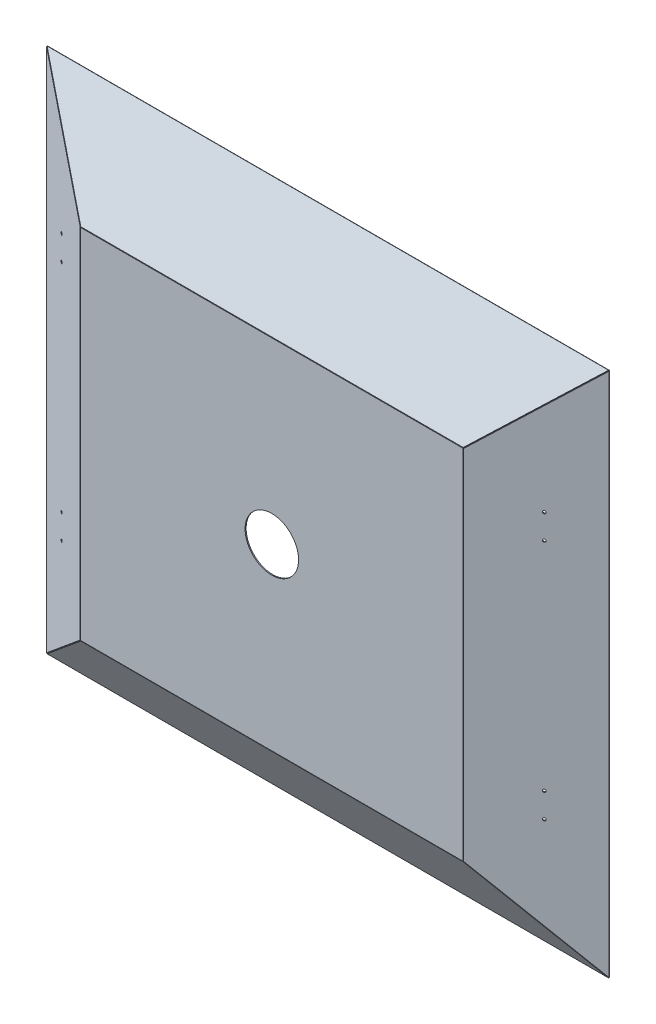
SolidWorks part; units mm, degrees
material "Pine"
ref_plane "Front Plane" through (0, 0, 0) normal (0, 0, 1) x (1, 0, 0)
ref_plane "Top Plane" through (0, 0, 0) normal (0, 1, 0) x (1, 0, 0)
ref_plane "Right Plane" through (0, 0, 0) normal (1, 0, 0) x (0, 0, -1)
sketch "Sketch1" plane through (0, 0, 0) normal (0, 0, 1) x (1, 0, 0)
  line L0 (711, -500) -> (711, 500) construction
  line L1 (-711, 665) -> (711, 665)
  line L2 (-711, 665) -> (-711, -665)
  line L3 (-711, -665) -> (711, -665)
  line L4 (711, 665) -> (711, -665)
  line L5 (-711, 665) -> (711, -665) construction
  line L6 (-711, -665) -> (711, 665) construction
  line L7 (660, -665) -> (-660, -665) construction
  point P0 (0, 0)
ref_axis "Axis1" through (0, 0, 80.9) along (0, 0, -1)
ref_plane "Plane4" through (0, 0, 100) normal (0, 0, 1) x (1, 0, 0)
sketch "Sketch2" plane through (0, 0, 100) normal (0, 0, 1) x (1, 0, 0)
  line L0 (-711, 665) -> (711, 665) construction
  line L1 (-550.6241, -515) -> (550.6241, -515)
  line L2 (-550.6241, -515) -> (-550.6241, 515)
  line L3 (-550.6241, 515) -> (550.6241, 515)
  line L4 (550.6241, -515) -> (550.6241, 515)
  line L5 (-550.6241, -515) -> (550.6241, 515) construction
  line L6 (-550.6241, 515) -> (550.6241, -515) construction
  line L7 (-711, -665) -> (711, 665) construction
  point P0 (0, 0)
  dimension "D1" = 150
ref_axis "Axis2" through (-711, 665, 0) along (0.6647, -0.6217, 0.4144)
ref_axis "Axis3" through (550.6241, 515, 100) along (0.6647, 0.6217, -0.4144)
ref_axis "Axis4" through (550.6241, -515, 100) along (0.6647, -0.6217, -0.4144)
ref_axis "Axis5" through (-550.6241, -515, 100) along (-0.6647, -0.6217, -0.4144)
ref_plane "Plane5" through (0, -204.6154, 306.9231) normal (0, -0.5547, 0.8321) x (1, 0, 0)
ref_plane "Plane6" through (199.0457, 0, 319.2214) normal (0.5291, 0, 0.8486) x (0.8486, 0, -0.5291)
ref_plane "Plane7" through (0, 204.6154, 306.9231) normal (0, -0.5547, -0.8321) x (-1, 0, 0)
ref_plane "Plane8" through (-199.0457, 0, 319.2214) normal (0.5291, 0, -0.8486) x (-0.8486, 0, -0.5291)
sketch "Sketch3" plane through (0, -204.6154, 306.9231) normal (0, -0.5547, 0.8321) x (1, 0, 0)
  line L0 (-711, -553.3134) -> (711, -553.3134) construction
  line L1 (-550.6241, -373.0359) -> (550.6241, -373.0359) construction
  line L2 (-711, -553.3134) -> (711, -553.3134) construction
  line L3 (-550.6241, -373.0359) -> (550.6241, -373.0359)
  line L4 (-550.6241, -373.0359) -> (-711, -553.3134)
  line L5 (550.6241, -373.0359) -> (711, -553.3134)
  line L6 (-711, -553.3134) -> (-808.6097, -663.0359)
  line L7 (-808.6097, -663.0359) -> (808.6097, -663.0359)
  line L8 (808.6097, -663.0359) -> (711, -553.3134)
  dimension "D1" = 290
extrude "Boss-Extrude1" add sketch "Sketch3" along normal blind 3
sketch "Sketch4" plane through (-199.0457, 0, 319.2214) normal (0.5291, 0, -0.8486) x (-0.8486, 0, -0.5291)
  line L0 (603.3237, 665) -> (603.3237, -665) construction
  line L1 (603.3237, 665) -> (603.3237, -665) construction
  line L2 (414.3252, -515) -> (414.3252, 515) construction
  line L3 (414.3252, -515) -> (414.3252, 515)
  line L4 (414.3252, -515) -> (718.354, -756.2946)
  line L5 (718.354, -756.2946) -> (718.354, 756.2946)
  line L6 (718.354, 756.2946) -> (414.3252, 515)
  line L7 (603.3237, 665) -> (414.3252, 515) construction
extrude "Boss-Extrude2" add sketch "Sketch4" against normal blind 3 separate body
sketch "Sketch5" plane through (199.0457, 0, 319.2214) normal (0.5291, 0, 0.8486) x (0.8486, 0, -0.5291)
  line L0 (603.3237, 665) -> (603.3237, -665) construction
  line L1 (414.3252, -515) -> (414.3252, 515) construction
  line L2 (603.3237, 665) -> (603.3237, -665) construction
  line L3 (414.3252, -515) -> (414.3252, 515)
  line L4 (718.354, -756.2946) -> (414.3252, -515)
  line L5 (414.3252, 515) -> (718.354, 756.2946)
  line L6 (718.354, 756.2946) -> (718.354, -756.2946)
  line L7 (414.3252, 515) -> (603.3237, 665) construction
extrude "Boss-Extrude3" add sketch "Sketch5" along normal blind 3 separate body
sketch "Sketch6" plane through (0, 204.6154, 306.9231) normal (0, -0.5547, -0.8321) x (-1, 0, 0)
  line L0 (-550.6241, 373.0359) -> (550.6241, 373.0359)
  line L1 (550.6241, 373.0359) -> (808.6097, 663.0359)
  line L2 (808.6097, 663.0359) -> (-808.6097, 663.0359)
  line L3 (-808.6097, 663.0359) -> (-550.6241, 373.0359)
extrude "Boss-Extrude4" add sketch "Sketch6" against normal blind 3 separate body
ref_plane "Plane9" through (0, 0, 100) normal (0, 0, 1) x (1, 0, 0)
sketch "Sketch7" plane through (0, 0, 100) normal (0, 0, 1) x (1, 0, 0)
  line L1 (-550.6241, -515) -> (550.6241, -515)
  line L2 (-550.6241, -515) -> (-550.6241, 515)
  line L3 (-550.6241, 515) -> (550.6241, 515)
  line L4 (550.6241, -515) -> (550.6241, 515)
extrude "Boss-Extrude5" add sketch "Sketch7" along normal blind 3 separate body
sketch "Sketch9" plane through (199.0457, 0, 319.2214) normal (-0.5291, 0, -0.8486) x (-0.8486, 0, 0.5291)
  circle A0 centre (-582.5259, 383) radius 4
  circle A1 centre (-582.5259, 312) radius 4
  circle A2 centre (-582.5259, -312) radius 4
  circle A3 centre (-582.5259, -383) radius 4
  dimension "D2" = 8
extrude "Cut-Extrude2" cut sketch "Sketch9" against normal through all
sketch "Sketch10" plane through (-199.0457, 0, 319.2214) normal (0.5291, 0, -0.8486) x (-0.8486, 0, -0.5291)
  circle A0 centre (582.5259, -383) radius 4
  circle A1 centre (582.5259, -312) radius 4
  circle A2 centre (582.5259, 312) radius 4
  circle A3 centre (582.5259, 383) radius 4
  dimension "D1" = 8
extrude "Cut-Extrude3" cut sketch "Sketch10" against normal through all
sketch "Sketch11" plane through (0, 0, 103) normal (0, 0, 1) x (1, 0, 0)
  circle A0 centre (0, 0) radius 75 construction
  circle A1 centre (0, 0) radius 75 construction
  circle A2 centre (0, 0) radius 77
  dimension "D1" = 2
extrude "Cut-Extrude4" cut sketch "Sketch11" against normal through all

(What needs to be done):
Your task is to restate word for word the lines from the top of the data to the line containing "plane through (0, 0, 0)", both ends included, with every picture left out.

(Response area):
SolidWorks part; units mm, degrees
material "Pine"
ref_plane "Front Plane" through (0, 0, 0) normal (0, 0, 1) x (1, 0, 0)
ref_plane "Top Plane" through (0, 0, 0) normal (0, 1, 0) x (1, 0, 0)
ref_plane "Right Plane" through (0, 0, 0) normal (1, 0, 0) x (0, 0, -1)
sketch "Sketch1" plane through (0, 0, 0) normal (0, 0, 1) x (1, 0, 0)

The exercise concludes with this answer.